* Your instructions: When you reach the line containing "(peak 2 A) |" in the data below, begin returning lines exactly as written, and stop once the line containing "## Design Approach" has been returned.

*** The data ***

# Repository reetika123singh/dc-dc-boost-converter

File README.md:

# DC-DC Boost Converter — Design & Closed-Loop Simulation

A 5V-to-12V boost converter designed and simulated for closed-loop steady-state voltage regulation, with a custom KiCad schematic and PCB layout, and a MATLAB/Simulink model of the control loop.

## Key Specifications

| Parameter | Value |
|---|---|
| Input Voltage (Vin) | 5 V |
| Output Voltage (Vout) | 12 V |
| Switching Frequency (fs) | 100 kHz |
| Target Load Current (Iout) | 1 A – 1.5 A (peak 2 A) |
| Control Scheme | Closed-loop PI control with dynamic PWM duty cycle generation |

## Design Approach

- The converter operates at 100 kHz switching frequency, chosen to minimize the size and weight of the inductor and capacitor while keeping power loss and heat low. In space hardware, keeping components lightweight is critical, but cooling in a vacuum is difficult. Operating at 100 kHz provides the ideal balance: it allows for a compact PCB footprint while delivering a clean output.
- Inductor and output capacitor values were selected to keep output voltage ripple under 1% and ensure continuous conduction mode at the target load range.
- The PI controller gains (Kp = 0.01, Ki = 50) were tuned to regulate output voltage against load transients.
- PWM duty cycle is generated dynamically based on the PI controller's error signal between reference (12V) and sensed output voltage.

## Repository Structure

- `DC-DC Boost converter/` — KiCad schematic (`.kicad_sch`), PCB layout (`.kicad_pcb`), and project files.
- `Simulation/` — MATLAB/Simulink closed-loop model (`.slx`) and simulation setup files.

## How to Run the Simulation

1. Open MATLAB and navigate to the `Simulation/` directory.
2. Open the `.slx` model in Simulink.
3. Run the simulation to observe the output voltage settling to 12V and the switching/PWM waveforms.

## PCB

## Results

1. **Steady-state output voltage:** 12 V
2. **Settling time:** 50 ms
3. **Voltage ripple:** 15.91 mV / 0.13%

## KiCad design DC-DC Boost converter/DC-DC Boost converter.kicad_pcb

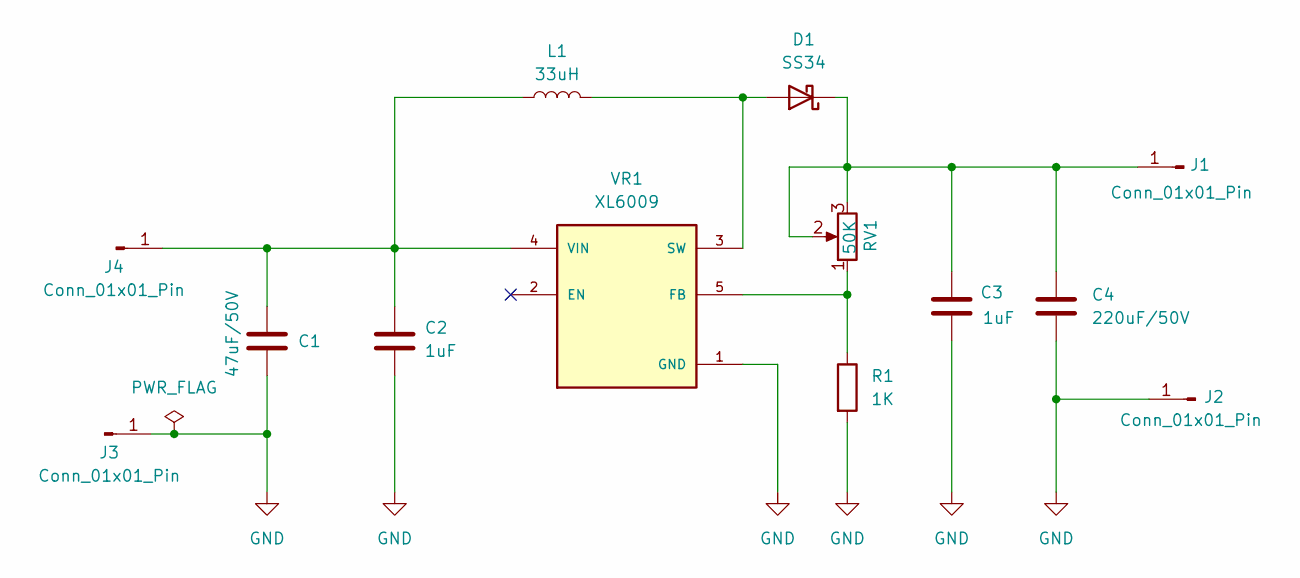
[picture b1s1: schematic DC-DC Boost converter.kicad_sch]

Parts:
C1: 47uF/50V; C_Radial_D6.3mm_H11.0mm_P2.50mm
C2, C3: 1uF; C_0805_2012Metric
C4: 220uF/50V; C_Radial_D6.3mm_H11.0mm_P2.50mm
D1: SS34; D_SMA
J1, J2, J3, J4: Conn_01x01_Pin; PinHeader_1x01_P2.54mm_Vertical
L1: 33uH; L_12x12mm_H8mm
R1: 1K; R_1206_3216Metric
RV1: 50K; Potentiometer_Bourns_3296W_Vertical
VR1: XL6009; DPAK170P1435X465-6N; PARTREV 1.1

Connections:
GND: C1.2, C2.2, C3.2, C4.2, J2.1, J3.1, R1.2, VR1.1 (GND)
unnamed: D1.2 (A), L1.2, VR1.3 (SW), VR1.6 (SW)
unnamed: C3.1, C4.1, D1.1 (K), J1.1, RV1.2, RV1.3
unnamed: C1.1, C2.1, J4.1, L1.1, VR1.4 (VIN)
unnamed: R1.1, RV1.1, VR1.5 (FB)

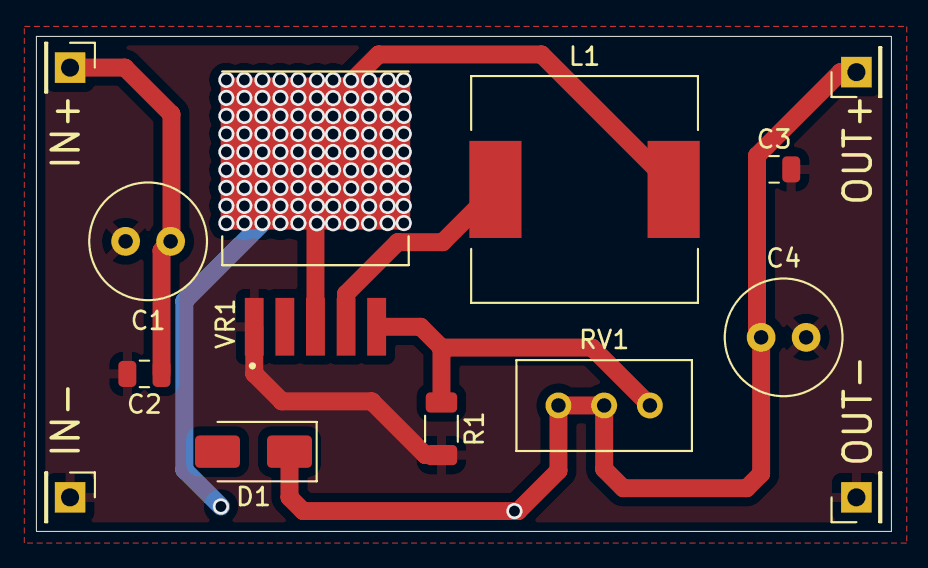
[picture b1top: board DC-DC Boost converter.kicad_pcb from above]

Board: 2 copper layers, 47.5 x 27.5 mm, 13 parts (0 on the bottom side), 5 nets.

***

* Final answer:
| Target Load Current (Iout) | 1 A – 1.5 A (peak 2 A) |
| Control Scheme | Closed-loop PI control with dynamic PWM duty cycle generation |

## Design Approach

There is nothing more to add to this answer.